Monday, March 09, 2009

We Now Have A Bigger DNA Dataset For The Mummichog Project

Kris acquired the new, improved version of Geneious, the software package we've been using to align and interpret DNA data. With this software our usable stretch of cyt-b DNA has increased from 272 to 719 bases because it can read what had seemed to be garbled sequences to the old software. So that's a big step forward, given that the whole gene is ~1160 bases long (and I'd thought that our PCR/sequencing work was better than 272 bases, anyway). We might also be able to recover a sequence from a Boston Harbor fish, one of the first ones I captured back in 1995 in front of UMass/Boston. That makes me about as happy as you can get about DNA data....

Sunday, March 08, 2009

Another Successful Trip To Estill Fork, With Good Weather

I went to Estill Fork with Andrew and Brittany yesterday. We netted 37 telescope shiners, and 2 scarlet shiners. Water was a little bit higher than on Jan. 31 but not enough to be a problem. We installed my custom driftnet for about 45 minutes, and the steel-core tomato stakes I bought at Lowe's held in a reasonably strong water chute. We kept the take, and when we examined it at the lab found some material we wouldn't have found otherwise such as juvenile springtail instars. So I'm psyched about that, Ruth is willing to make more bags if she can see this one again to remind her what she did.
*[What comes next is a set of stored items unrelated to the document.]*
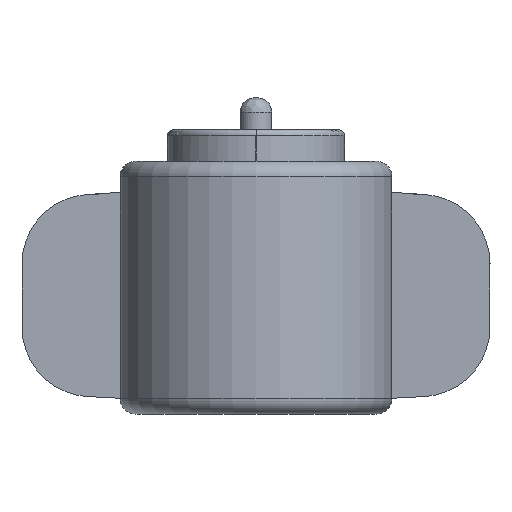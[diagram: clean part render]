
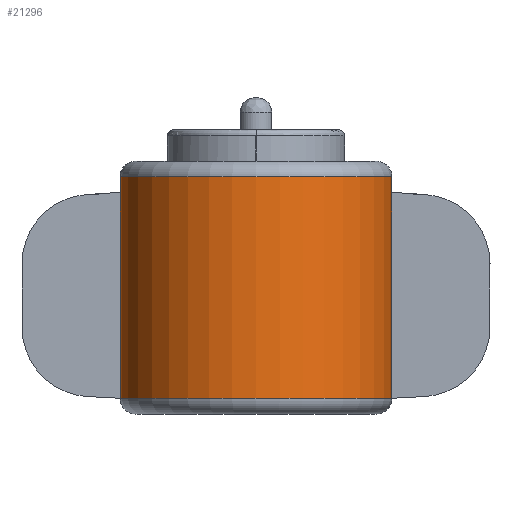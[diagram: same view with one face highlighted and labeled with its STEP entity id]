
A CAD part, left-side view. The second image highlights one B-rep face of the part: STEP entity #21296.
In plain terms, the highlighted cylindrical face has radius 4.3 mm (diameter 8.6 mm), a partial arc.
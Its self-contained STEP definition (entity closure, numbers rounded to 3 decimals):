
#1947 = CIRCLE ( 'NONE', #17359, 4.3 ) ;
#2226 = ORIENTED_EDGE ( 'NONE', *, *, #16596, .T. ) ;
#2277 = AXIS2_PLACEMENT_3D ( 'NONE', #10339, #8798, #13627 ) ;
#3279 = DIRECTION ( 'NONE',  ( 0., 1., 0. ) ) ;
#4094 = VERTEX_POINT ( 'NONE', #13266 ) ;
#4216 = DIRECTION ( 'NONE',  ( 0., 0., 1. ) ) ;
#5863 = FACE_OUTER_BOUND ( 'NONE', #18643, .T. ) ;
#7073 = DIRECTION ( 'NONE',  ( 0., 0., 1. ) ) ;
#8210 = LINE ( 'NONE', #10081, #11291 ) ;
#8798 = DIRECTION ( 'NONE',  ( 0., 0., -1. ) ) ;
#9233 = DIRECTION ( 'NONE',  ( 0., 0., -1. ) ) ;
#10035 = CARTESIAN_POINT ( 'NONE',  ( -8.63, -4.3, 0.5 ) ) ;
#10081 = CARTESIAN_POINT ( 'NONE',  ( -8.63, 4.3, -6.5 ) ) ;
#10339 = CARTESIAN_POINT ( 'NONE',  ( -8.63, 0., 0.5 ) ) ;
#10793 = VERTEX_POINT ( 'NONE', #13269 ) ;
#10812 = CYLINDRICAL_SURFACE ( 'NONE', #17818, 4.3 ) ;
#10994 = ORIENTED_EDGE ( 'NONE', *, *, #17190, .F. ) ;
#11291 = VECTOR ( 'NONE', #14691, 1000. ) ;
#11589 = VERTEX_POINT ( 'NONE', #12167 ) ;
#12167 = CARTESIAN_POINT ( 'NONE',  ( -8.63, -4.3, 0.5 ) ) ;
#13211 = DIRECTION ( 'NONE',  ( 1., 0., 0. ) ) ;
#13266 = CARTESIAN_POINT ( 'NONE',  ( -8.63, 4.3, 0.5 ) ) ;
#13269 = CARTESIAN_POINT ( 'NONE',  ( -8.63, 4.3, -6.5 ) ) ;
#13462 = CARTESIAN_POINT ( 'NONE',  ( -8.63, 0., -6.5 ) ) ;
#13627 = DIRECTION ( 'NONE',  ( -1., 0., 0. ) ) ;
#14602 = EDGE_CURVE ( 'NONE', #10793, #4094, #8210, .T. ) ;
#14691 = DIRECTION ( 'NONE',  ( 0., 0., 1. ) ) ;
#14810 = ORIENTED_EDGE ( 'NONE', *, *, #14602, .F. ) ;
#16118 = EDGE_CURVE ( 'NONE', #11589, #4094, #17678, .T. ) ;
#16596 = EDGE_CURVE ( 'NONE', #10793, #16758, #1947, .T. ) ;
#16615 = LINE ( 'NONE', #10035, #18063 ) ;
#16758 = VERTEX_POINT ( 'NONE', #19186 ) ;
#17190 = EDGE_CURVE ( 'NONE', #11589, #16758, #16615, .T. ) ;
#17359 = AXIS2_PLACEMENT_3D ( 'NONE', #13462, #7073, #3279 ) ;
#17504 = CARTESIAN_POINT ( 'NONE',  ( -8.63, 0., -6.64 ) ) ;
#17678 = CIRCLE ( 'NONE', #2277, 4.3 ) ;
#17818 = AXIS2_PLACEMENT_3D ( 'NONE', #17504, #4216, #13211 ) ;
#18063 = VECTOR ( 'NONE', #9233, 1000. ) ;
#18643 = EDGE_LOOP ( 'NONE', ( #10994, #19263, #14810, #2226 ) ) ;
#19186 = CARTESIAN_POINT ( 'NONE',  ( -8.63, -4.3, -6.5 ) ) ;
#19263 = ORIENTED_EDGE ( 'NONE', *, *, #16118, .T. ) ;
#21296 = ADVANCED_FACE ( 'NONE', ( #5863 ), #10812, .T. ) ;

Here are a few photos from the trip. The first one is a downstream view of the riffle system we collected the telescopes in. The driftnet was placed in a flowing chute just to the left of where this photo was taken.

Here are Andrew and Brittany at the site where we installed the driftnet, although the chute isn't really apparent.

And here's some real science in action, Andrew doing the simple water chemistry tests we routinely carry out--pH, total dissolved solids, temperature.

I think we'll go back in mid-April.

Thursday, March 05, 2009

Back To Estill Fork Saturday

We'll go out to Estill Fork Saturday to collect telescope and scarlet shiners. Once again we seem to be lucky with the weather, the prediction is for high in the 70's F and sunny. There hasn't been rain since last weekend so water level should be manageable.

Brittany has been doing more statistical analysis of data from the 11-KT scarlet shiner experiment. Females exposed to 11-KT compared to wild-caught females had significantly larger brain weight/body weight ratios in a U-test, with p<0.001. Males exposed to 11-KT compared to wild-caught males also had a significantly larger ratio, but only with p=0.05. This makes sense, because the wild-caught males have been influenced by their endogenous 11-KT, while wild-caught females would have almost no endogenous 11-KT. This seems to be a good story, and the results encourage me to go on to a more ambitious experimental manipulation later this year.